— What you should do —
Transcribe the data below verbatim from the line with "Scope8 settings: ActiveDisplayYMinimum=-0.12499999999999997" to the line with "Subsystem Reference : Subsystem". Include both of those lines.

(Saved data entries)
···

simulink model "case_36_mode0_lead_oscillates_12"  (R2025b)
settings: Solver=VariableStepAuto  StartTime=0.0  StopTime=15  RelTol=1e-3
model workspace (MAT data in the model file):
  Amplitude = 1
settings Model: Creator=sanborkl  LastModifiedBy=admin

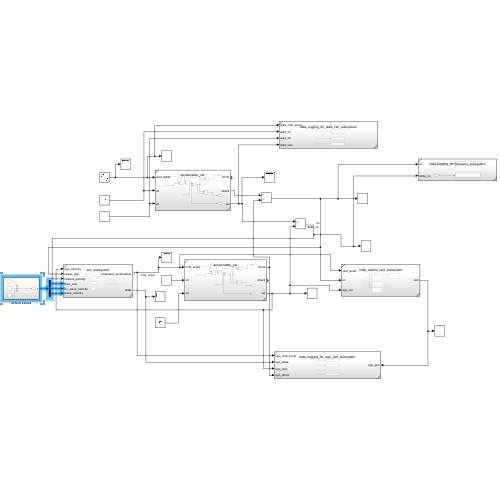
[thumbnail: Simulink's stored preview of the top-level diagram]
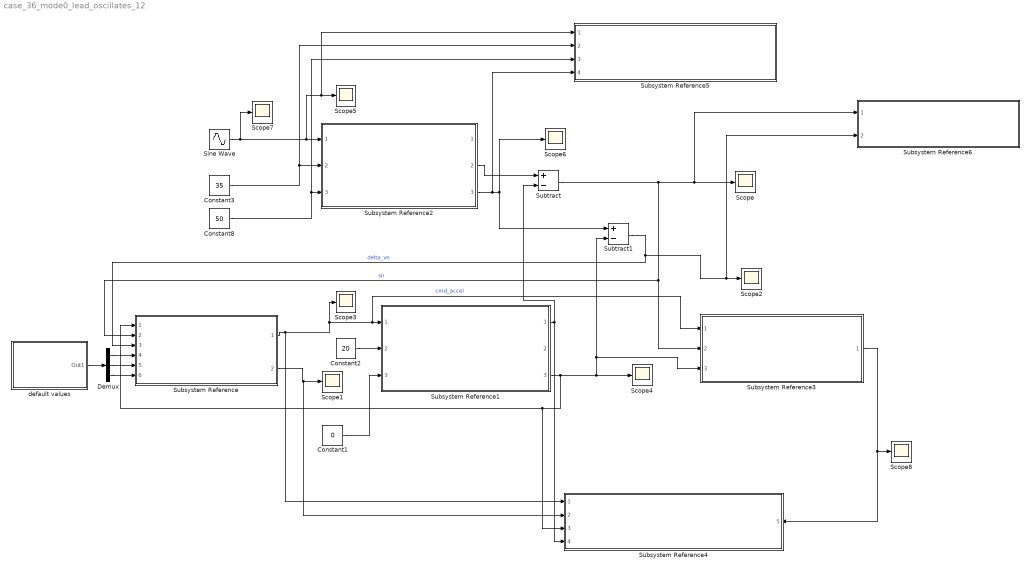
== system case_36_mode0_lead_oscillates_12 ==
  Constant1 : Constant  Value=0
  Constant2 : Constant  Value=20
  Constant3 : Constant  Value=35
  Constant8 : Constant  Value=50
  Demux : Demux  Outputs=3
  Scope{,1..8} (9 alike) : Scope
      Scope settings: ActiveDisplayYMinimum=-1  ActiveDisplayYMaximum=1
      Scope1 settings: ActiveDisplayYMinimum=-1  ActiveDisplayYMaximum=1  DataLoggingVariableName=ScopeData2
      Scope2 settings: ActiveDisplayYMinimum=-2.4298440672339487  ActiveDisplayYMaximum=0.26998267413710536  DataLoggingVariableName=ScopeData3
      Scope3 settings: ActiveDisplayYMinimum=-0.18749999999999994  ActiveDisplayYMaximum=1.6875  DataLoggingVariableName=ScopeData4
      Scope4 settings: ActiveDisplayYMinimum=-1  ActiveDisplayYMaximum=1
      Scope5 settings: ActiveDisplayYMinimum=-1.7936866858199967  ActiveDisplayYMaximum=1.7717792887568067  DataLoggingVariableName=ScopeData5
      Scope6 settings: ActiveDisplayYMinimum=19.945608533557348  ActiveDisplayYMaximum=20.489523197983868  DataLoggingVariableName=ScopeData6
      Scope7 settings: ActiveDisplayYMinimum=-0.24995828372720832  ActiveDisplayYMaximum=0.24962499487656459  DataLoggingVariableName=ScopeData7
      Scope8 settings: ActiveDisplayYMinimum=-0.12499999999999997  ActiveDisplayYMaximum=1.125  DataLoggingVariableName=ScopeData8
  Sine Wave : Sin  Frequency=2 * pi * 1  SampleTime=0
  Subsystem Reference : Subsystem  ReferencedSubsystem=acc_subsystem
  Subsystem Reference1 : Subsystem  ReferencedSubsystem=acceleration_car
  Subsystem Reference2 : Subsystem  ReferencedSubsystem=acceleration_car
  Subsystem Reference3 : Subsystem  ReferencedSubsystem=multi_vehicle_test_subsystem
  Subsystem Reference4 : Subsystem  ReferencedSubsystem=data_logging_for_ego_veh_subsystem
      settings: PortSchema="{\"entries\":[{\"content\":{\"sides\":[{\"content\":{\"connectorIds\":[\"In1\",\"In2\",\"In3\",\"In4\"]},\"type\":\"ConnectorPlacement.EquallySpacedRectSide\",\"uuid\":\"1bb3a8cf-f981-4f8a-aff9-03896ccf7d7c\"},{\"content\":{\"connectorIds\":[\"In5\"],\"side\":\"RIGHT\"},\"type\":\"ConnectorPlacement.EquallySpacedRectSide\",\"uuid\":\"3f6ac5cb-96be-44a3-8993-3635a91bd658\"},{\"content\":{\"side\":\"TOP\"},\"type\":\"ConnectorPlacement.EquallySpacedRectSide\",\"uuid\":\"c641fc7f-a424-4033-b273-2526f6b205c0\"}]},\"type\":\"ConnectorPlacement.EquallySpacedConnector\",\"uuid\":\"2a4be48e-084e-4aa6-b74f-8fe234fedc1a\"}],\"packageUris\":[\"http://schema.mathworks.com/mf0/Connector/R2020b\"],\"version\":\"1.0\"}"
  Subsystem Reference5 : Subsystem  ReferencedSubsystem=data_logging_for_lead_veh_subsystem
  Subsystem Reference6 : Subsystem  ReferencedSubsystem=data_logging_for_behavior_subsystem
  Subtract : Sum  Inputs=+-
  Subtract1 : Sum  Inputs=+-
  default values : Subsystem
  wires:
  Subsystem Reference2/3 -> Subsystem Reference5/4, Scope6/1, Subtract1/1
  Constant3/1 -> Subsystem Reference5/2, Subsystem Reference2/2
  Constant2/1 -> Subsystem Reference1/2
  Subsystem Reference/1 -> Subsystem Reference4/1, Scope3/1, Subsystem Reference3/1, Subsystem Reference1/1  "cmd_accel"
  Constant1/1 -> Subsystem Reference1/3
  Subsystem Reference/2 -> Subsystem Reference4/2, Scope1/1
  Subsystem Reference2/2 -> Subtract/1
  Subtract/1 -> Subsystem Reference3/2, Subsystem Reference/2, Subsystem Reference6/1, Scope/1  "sn"
  Subsystem Reference1/3 -> Subsystem Reference4/3, Subsystem Reference/1, Subtract1/2, Subsystem Reference3/3, Scope4/1
  Subtract1/1 -> Subsystem Reference6/2, Scope2/1, Subsystem Reference/3  "delta_vn"
  Constant8/1 -> Subsystem Reference5/3, Subsystem Reference2/3
  Sine Wave/1 -> Scope7/1, Subsystem Reference5/1, Scope5/1, Subsystem Reference2/1
  Subsystem Reference1/1 -> Subtract/2, Subsystem Reference4/4
  Subsystem Reference3/1 -> Scope8/1, Subsystem Reference4/5
  Demux/3 -> Subsystem Reference/6
  Demux/2 -> Subsystem Reference/5
  default values/1(Out1) -> Demux/1
  Demux/1 -> Subsystem Reference/4

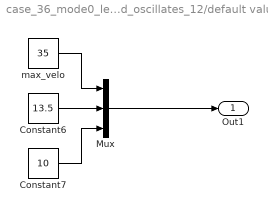
== system case_36_mode0_lead_oscillates_12/default values ==
  Constant6 : Constant  Value=13.5
  Constant7 : Constant  Value=10
  Mux : Mux  Inputs=3
  max_velo : Constant  Value=35
  Out1 : Outport
  wires:
  Constant7/1 -> Mux/3
  Constant6/1 -> Mux/2
  max_velo/1 -> Mux/1
  Mux/1 -> Out1/1

···

— Written solution —
      Scope8 settings: ActiveDisplayYMinimum=-0.12499999999999997  ActiveDisplayYMaximum=1.125  DataLoggingVariableName=ScopeData8
  Sine Wave : Sin  Frequency=2 * pi * 1  SampleTime=0
  Subsystem Reference : Subsystem  ReferencedSubsystem=acc_subsystem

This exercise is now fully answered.